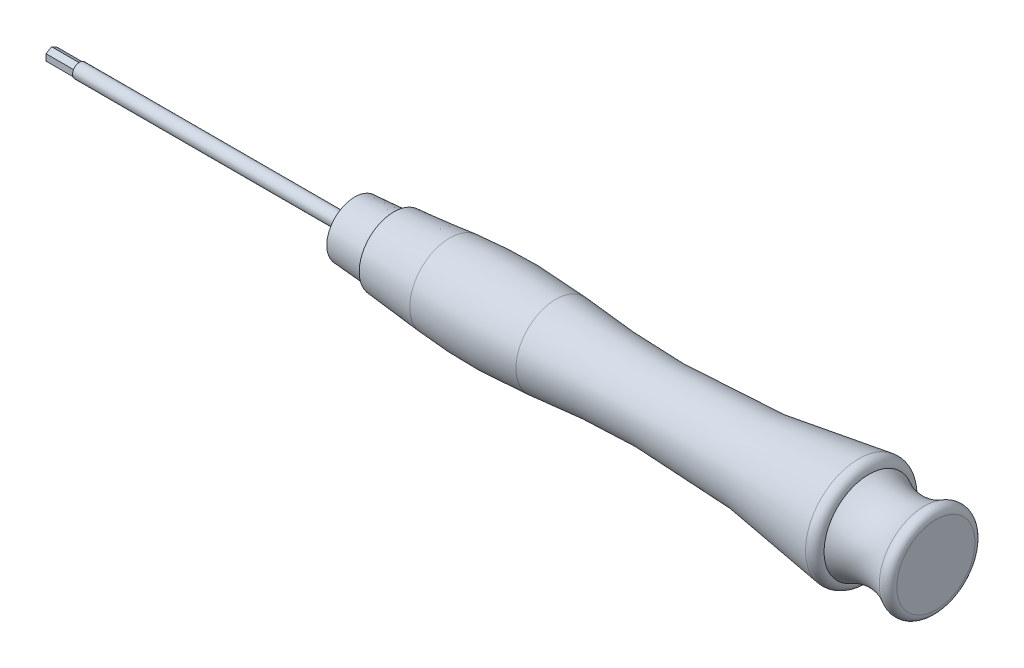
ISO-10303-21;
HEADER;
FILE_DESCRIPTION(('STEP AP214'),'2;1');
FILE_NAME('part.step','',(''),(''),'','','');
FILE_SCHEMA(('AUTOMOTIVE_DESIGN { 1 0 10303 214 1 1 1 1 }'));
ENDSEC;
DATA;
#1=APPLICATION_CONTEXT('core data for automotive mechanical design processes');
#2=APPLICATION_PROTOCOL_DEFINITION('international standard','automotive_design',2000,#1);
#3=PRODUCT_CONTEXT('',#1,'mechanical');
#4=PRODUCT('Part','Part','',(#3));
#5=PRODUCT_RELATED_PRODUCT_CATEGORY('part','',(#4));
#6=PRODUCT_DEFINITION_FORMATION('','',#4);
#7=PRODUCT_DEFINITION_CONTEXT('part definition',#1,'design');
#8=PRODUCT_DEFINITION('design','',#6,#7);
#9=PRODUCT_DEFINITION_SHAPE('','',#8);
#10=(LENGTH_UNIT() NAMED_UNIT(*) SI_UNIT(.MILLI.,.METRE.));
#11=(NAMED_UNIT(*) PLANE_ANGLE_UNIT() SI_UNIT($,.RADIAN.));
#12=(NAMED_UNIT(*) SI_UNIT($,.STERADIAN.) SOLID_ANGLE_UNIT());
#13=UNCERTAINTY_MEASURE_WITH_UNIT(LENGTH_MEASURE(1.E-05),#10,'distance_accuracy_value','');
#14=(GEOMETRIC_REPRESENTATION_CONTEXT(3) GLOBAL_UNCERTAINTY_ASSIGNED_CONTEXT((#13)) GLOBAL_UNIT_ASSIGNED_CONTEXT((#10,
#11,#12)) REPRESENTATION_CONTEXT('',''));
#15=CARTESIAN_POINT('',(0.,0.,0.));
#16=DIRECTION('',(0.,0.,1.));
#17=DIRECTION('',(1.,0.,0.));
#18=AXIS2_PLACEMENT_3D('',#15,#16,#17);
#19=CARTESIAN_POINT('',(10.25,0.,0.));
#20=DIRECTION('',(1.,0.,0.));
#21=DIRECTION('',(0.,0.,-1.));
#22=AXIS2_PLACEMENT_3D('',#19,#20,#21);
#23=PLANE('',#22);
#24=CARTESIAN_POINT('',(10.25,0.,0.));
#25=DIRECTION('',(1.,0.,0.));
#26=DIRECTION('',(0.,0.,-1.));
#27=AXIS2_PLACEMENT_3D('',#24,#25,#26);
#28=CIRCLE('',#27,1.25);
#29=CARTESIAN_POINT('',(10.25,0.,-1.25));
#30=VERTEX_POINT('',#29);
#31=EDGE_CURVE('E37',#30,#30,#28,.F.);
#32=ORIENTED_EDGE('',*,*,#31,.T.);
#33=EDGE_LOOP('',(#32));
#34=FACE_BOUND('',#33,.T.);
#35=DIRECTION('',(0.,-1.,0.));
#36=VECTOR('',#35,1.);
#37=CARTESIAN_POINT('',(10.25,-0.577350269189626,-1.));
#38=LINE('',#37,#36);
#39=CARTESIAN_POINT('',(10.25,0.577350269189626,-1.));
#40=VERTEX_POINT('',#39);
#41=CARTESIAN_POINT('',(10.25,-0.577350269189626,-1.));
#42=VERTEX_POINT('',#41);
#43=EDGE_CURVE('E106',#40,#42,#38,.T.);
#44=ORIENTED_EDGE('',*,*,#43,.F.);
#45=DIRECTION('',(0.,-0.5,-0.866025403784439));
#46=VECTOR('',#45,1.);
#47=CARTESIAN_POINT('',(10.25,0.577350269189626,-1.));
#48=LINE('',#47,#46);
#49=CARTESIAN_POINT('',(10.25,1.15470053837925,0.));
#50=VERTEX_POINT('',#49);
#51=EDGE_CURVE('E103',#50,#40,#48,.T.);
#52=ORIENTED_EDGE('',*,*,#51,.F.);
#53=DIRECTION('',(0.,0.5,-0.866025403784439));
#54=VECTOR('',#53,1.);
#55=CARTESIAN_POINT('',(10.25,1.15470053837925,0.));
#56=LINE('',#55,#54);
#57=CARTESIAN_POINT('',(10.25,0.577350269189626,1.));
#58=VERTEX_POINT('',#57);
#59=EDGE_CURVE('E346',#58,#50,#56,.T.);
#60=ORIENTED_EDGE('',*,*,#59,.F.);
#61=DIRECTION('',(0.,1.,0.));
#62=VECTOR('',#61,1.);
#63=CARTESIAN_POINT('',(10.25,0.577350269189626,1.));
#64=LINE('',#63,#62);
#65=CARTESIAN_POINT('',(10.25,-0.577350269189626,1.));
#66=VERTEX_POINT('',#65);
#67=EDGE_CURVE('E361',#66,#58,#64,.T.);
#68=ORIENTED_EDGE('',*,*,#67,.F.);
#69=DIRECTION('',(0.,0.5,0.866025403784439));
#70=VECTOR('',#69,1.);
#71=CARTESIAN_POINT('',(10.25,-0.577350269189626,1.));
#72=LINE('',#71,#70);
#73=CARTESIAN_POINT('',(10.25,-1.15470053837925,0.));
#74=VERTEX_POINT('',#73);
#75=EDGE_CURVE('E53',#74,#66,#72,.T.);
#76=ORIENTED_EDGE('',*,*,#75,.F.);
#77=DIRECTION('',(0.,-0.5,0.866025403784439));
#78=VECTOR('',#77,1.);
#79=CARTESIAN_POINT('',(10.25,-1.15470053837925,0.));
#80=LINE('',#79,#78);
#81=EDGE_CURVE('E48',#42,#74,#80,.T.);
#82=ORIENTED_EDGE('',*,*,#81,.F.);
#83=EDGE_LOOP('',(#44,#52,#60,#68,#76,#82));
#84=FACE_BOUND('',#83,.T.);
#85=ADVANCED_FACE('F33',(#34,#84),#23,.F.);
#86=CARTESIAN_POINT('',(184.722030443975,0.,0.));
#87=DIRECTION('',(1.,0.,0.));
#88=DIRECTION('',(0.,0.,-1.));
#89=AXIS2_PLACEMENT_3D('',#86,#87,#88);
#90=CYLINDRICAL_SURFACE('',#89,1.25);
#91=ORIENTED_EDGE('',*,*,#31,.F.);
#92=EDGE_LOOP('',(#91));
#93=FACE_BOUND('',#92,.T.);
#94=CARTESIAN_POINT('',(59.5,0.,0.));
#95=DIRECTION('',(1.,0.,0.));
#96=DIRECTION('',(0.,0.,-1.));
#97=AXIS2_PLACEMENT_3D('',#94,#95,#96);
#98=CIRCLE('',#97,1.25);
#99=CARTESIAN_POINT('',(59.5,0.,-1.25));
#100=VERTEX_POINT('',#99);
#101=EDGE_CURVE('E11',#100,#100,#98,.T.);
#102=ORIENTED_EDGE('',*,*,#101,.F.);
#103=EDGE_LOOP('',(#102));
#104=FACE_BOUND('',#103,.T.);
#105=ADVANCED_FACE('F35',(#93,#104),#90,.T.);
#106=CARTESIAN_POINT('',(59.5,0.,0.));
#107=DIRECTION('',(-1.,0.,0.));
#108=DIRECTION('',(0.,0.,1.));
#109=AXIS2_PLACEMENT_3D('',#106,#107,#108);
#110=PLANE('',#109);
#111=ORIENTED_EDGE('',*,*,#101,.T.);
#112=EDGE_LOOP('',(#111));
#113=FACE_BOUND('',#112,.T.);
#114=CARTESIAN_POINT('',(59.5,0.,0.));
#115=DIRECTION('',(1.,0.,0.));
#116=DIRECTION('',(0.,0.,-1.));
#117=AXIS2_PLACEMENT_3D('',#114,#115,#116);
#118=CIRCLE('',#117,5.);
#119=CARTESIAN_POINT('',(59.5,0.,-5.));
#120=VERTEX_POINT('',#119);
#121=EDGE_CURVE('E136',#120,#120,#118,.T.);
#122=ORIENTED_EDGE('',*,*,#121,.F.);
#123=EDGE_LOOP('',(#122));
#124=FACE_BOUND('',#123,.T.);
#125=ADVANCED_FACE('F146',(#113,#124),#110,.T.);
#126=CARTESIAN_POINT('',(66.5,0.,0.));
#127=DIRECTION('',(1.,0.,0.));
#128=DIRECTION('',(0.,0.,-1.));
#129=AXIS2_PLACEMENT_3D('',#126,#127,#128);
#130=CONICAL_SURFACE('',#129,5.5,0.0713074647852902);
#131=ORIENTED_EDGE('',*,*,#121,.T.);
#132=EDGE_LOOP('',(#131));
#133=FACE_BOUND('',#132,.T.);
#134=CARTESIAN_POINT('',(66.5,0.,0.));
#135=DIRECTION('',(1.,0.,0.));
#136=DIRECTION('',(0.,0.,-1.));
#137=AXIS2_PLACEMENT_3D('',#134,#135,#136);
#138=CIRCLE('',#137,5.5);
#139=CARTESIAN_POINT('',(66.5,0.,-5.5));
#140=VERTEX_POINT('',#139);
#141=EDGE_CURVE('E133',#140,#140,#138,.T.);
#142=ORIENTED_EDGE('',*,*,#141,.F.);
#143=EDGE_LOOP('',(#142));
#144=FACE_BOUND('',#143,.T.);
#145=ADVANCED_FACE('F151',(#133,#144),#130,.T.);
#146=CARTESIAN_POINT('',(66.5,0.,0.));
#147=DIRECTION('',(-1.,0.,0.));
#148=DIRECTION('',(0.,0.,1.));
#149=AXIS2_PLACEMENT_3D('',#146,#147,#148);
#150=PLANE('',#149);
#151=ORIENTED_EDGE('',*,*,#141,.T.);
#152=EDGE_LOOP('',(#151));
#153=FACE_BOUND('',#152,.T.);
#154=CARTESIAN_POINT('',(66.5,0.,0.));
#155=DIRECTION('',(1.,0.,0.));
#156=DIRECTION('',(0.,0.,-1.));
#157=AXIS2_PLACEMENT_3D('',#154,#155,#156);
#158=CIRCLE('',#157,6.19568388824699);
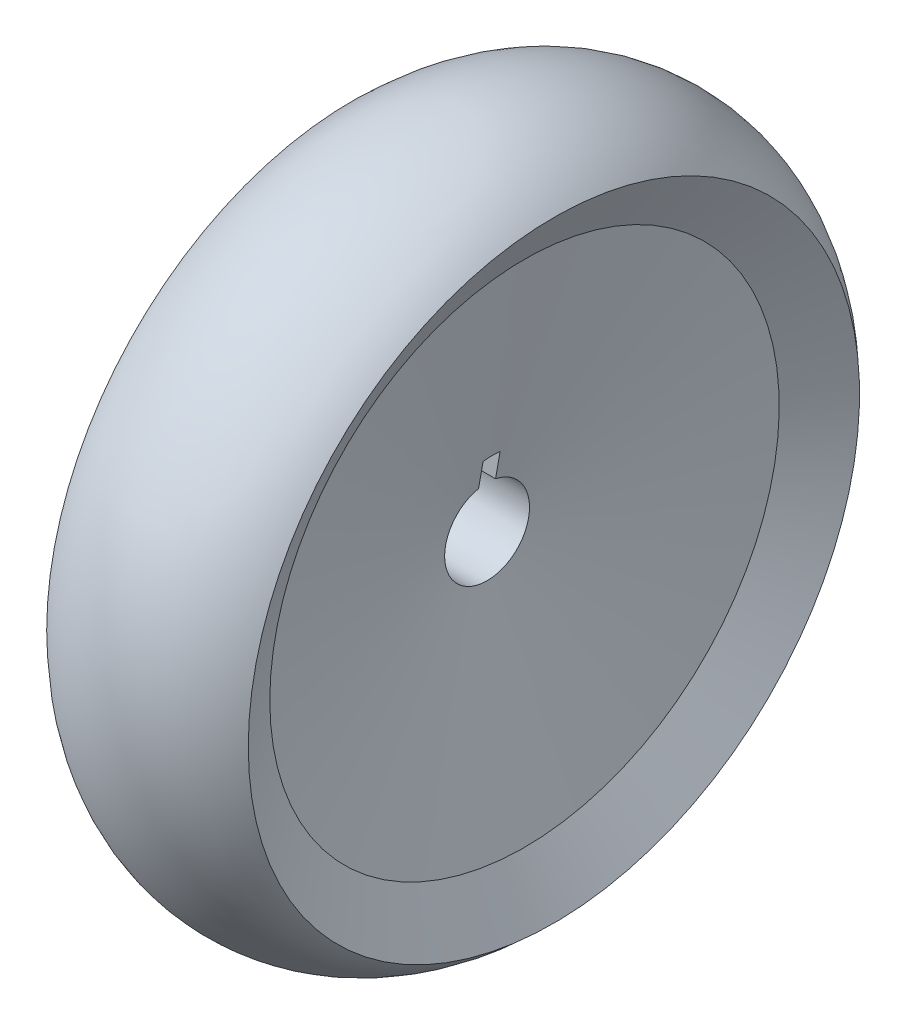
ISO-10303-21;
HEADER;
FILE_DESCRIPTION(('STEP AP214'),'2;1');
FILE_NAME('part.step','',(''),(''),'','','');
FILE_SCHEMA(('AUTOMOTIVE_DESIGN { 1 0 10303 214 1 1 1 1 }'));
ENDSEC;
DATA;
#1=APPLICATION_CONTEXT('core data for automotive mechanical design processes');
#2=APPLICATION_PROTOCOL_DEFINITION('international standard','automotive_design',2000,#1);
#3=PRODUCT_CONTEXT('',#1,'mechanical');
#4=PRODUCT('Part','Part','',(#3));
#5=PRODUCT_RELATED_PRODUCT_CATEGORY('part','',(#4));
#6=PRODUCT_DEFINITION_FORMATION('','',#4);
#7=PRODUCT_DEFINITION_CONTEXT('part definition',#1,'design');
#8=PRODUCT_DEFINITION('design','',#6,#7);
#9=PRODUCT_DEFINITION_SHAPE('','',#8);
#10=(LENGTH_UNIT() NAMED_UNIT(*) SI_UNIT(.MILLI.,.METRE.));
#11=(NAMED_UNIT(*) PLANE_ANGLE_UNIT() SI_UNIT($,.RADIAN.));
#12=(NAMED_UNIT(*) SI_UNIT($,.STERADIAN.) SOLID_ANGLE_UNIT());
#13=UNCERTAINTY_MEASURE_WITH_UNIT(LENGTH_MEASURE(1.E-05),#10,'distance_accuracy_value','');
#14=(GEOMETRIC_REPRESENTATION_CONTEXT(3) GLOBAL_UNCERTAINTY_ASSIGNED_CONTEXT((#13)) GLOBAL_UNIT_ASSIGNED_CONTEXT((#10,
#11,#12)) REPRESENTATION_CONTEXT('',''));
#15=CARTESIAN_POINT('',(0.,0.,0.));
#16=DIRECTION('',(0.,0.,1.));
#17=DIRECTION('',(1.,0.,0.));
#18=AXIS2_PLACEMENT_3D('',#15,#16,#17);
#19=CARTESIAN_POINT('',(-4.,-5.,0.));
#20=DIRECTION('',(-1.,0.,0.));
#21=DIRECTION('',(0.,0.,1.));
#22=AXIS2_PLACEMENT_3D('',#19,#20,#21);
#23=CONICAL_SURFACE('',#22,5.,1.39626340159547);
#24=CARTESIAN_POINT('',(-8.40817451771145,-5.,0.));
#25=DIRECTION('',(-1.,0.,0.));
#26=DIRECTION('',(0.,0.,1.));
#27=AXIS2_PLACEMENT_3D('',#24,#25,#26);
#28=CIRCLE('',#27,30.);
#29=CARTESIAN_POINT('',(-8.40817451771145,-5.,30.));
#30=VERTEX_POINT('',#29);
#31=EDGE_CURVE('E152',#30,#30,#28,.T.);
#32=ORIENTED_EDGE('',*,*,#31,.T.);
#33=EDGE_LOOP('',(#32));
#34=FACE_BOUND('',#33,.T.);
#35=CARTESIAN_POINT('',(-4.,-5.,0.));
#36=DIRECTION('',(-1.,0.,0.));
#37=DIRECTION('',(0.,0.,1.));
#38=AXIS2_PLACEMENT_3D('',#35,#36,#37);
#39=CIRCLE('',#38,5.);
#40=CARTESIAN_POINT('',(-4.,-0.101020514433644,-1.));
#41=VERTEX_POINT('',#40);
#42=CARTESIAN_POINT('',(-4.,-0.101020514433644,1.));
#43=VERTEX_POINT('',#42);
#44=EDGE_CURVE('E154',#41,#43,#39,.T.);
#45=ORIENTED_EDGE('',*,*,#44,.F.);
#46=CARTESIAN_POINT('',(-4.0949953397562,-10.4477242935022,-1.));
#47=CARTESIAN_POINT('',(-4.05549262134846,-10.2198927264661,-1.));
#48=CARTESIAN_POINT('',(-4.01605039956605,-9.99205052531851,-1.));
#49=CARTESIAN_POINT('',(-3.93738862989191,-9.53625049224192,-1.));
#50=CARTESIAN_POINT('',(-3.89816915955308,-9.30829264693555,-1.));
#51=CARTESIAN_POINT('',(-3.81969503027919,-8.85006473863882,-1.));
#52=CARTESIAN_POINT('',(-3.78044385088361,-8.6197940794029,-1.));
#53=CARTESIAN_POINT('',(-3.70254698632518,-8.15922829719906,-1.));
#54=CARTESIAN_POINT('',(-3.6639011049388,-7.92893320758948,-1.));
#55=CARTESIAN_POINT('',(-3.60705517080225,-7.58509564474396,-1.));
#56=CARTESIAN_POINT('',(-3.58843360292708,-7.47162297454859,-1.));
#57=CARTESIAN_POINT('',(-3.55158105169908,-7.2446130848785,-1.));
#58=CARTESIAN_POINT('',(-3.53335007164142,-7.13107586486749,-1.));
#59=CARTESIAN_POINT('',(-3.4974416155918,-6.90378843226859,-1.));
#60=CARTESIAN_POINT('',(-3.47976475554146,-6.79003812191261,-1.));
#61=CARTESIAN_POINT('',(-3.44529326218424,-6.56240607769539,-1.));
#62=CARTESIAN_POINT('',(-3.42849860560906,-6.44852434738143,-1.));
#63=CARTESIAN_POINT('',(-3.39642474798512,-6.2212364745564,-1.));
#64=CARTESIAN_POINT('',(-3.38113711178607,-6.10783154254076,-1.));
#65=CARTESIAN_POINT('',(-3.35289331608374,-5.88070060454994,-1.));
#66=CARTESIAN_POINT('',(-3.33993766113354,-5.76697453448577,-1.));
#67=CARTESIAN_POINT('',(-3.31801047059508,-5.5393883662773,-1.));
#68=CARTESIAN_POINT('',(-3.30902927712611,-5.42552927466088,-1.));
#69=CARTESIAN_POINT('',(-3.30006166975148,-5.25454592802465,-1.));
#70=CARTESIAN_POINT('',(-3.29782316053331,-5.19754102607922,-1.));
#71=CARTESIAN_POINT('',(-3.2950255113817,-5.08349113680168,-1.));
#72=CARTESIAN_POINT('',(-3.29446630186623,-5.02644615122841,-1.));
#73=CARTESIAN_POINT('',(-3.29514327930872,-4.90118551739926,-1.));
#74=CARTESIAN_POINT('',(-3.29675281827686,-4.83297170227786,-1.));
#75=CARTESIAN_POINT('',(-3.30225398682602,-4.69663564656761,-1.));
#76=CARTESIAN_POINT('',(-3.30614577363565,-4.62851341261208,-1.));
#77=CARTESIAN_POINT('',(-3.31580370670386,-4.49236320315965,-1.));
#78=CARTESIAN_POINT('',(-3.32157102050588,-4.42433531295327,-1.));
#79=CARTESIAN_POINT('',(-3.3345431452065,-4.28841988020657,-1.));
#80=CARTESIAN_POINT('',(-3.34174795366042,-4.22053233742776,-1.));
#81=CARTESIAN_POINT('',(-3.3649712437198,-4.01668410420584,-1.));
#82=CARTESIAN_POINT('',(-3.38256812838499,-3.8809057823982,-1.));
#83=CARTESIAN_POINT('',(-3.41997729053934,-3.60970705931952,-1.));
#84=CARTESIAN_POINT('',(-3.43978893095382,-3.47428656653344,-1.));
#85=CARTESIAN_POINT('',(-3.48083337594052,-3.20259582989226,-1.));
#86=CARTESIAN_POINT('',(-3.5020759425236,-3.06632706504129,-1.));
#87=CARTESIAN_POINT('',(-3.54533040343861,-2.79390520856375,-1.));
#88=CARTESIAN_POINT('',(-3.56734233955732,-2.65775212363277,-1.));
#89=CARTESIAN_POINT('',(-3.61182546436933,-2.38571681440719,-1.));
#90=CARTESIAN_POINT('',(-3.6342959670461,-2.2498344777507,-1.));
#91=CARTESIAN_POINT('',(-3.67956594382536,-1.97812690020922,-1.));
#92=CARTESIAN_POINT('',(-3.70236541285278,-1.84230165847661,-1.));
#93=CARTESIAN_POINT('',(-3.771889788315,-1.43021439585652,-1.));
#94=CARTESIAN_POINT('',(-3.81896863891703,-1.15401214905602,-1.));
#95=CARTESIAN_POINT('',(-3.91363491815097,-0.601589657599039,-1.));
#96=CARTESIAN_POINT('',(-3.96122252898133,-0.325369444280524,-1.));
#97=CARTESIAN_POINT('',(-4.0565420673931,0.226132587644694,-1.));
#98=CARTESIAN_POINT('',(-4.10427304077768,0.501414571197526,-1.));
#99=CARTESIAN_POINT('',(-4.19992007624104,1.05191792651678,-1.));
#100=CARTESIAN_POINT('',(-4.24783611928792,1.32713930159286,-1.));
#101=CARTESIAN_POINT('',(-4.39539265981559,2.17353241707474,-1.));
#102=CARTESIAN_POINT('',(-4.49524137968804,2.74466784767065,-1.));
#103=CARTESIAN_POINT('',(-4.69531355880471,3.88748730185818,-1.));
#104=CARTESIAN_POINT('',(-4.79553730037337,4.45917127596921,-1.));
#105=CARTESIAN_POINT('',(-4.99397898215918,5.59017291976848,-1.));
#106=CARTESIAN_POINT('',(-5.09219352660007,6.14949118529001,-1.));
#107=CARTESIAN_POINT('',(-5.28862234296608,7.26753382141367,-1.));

__Work task__
Repeat the entries above verbatim, but only from the line that has "#56=LINE('',#55,#54);" down to the line that has "#94=CARTESIAN_POINT('',(59.5,0.,0.));", inclusive.

__Response__
#56=LINE('',#55,#54);
#57=CARTESIAN_POINT('',(10.25,0.577350269189626,1.));
#58=VERTEX_POINT('',#57);
#59=EDGE_CURVE('E346',#58,#50,#56,.T.);
#60=ORIENTED_EDGE('',*,*,#59,.F.);
#61=DIRECTION('',(0.,1.,0.));
#62=VECTOR('',#61,1.);
#63=CARTESIAN_POINT('',(10.25,0.577350269189626,1.));
#64=LINE('',#63,#62);
#65=CARTESIAN_POINT('',(10.25,-0.577350269189626,1.));
#66=VERTEX_POINT('',#65);
#67=EDGE_CURVE('E361',#66,#58,#64,.T.);
#68=ORIENTED_EDGE('',*,*,#67,.F.);
#69=DIRECTION('',(0.,0.5,0.866025403784439));
#70=VECTOR('',#69,1.);
#71=CARTESIAN_POINT('',(10.25,-0.577350269189626,1.));
#72=LINE('',#71,#70);
#73=CARTESIAN_POINT('',(10.25,-1.15470053837925,0.));
#74=VERTEX_POINT('',#73);
#75=EDGE_CURVE('E53',#74,#66,#72,.T.);
#76=ORIENTED_EDGE('',*,*,#75,.F.);
#77=DIRECTION('',(0.,-0.5,0.866025403784439));
#78=VECTOR('',#77,1.);
#79=CARTESIAN_POINT('',(10.25,-1.15470053837925,0.));
#80=LINE('',#79,#78);
#81=EDGE_CURVE('E48',#42,#74,#80,.T.);
#82=ORIENTED_EDGE('',*,*,#81,.F.);
#83=EDGE_LOOP('',(#44,#52,#60,#68,#76,#82));
#84=FACE_BOUND('',#83,.T.);
#85=ADVANCED_FACE('F33',(#34,#84),#23,.F.);
#86=CARTESIAN_POINT('',(184.722030443975,0.,0.));
#87=DIRECTION('',(1.,0.,0.));
#88=DIRECTION('',(0.,0.,-1.));
#89=AXIS2_PLACEMENT_3D('',#86,#87,#88);
#90=CYLINDRICAL_SURFACE('',#89,1.25);
#91=ORIENTED_EDGE('',*,*,#31,.F.);
#92=EDGE_LOOP('',(#91));
#93=FACE_BOUND('',#92,.T.);
#94=CARTESIAN_POINT('',(59.5,0.,0.));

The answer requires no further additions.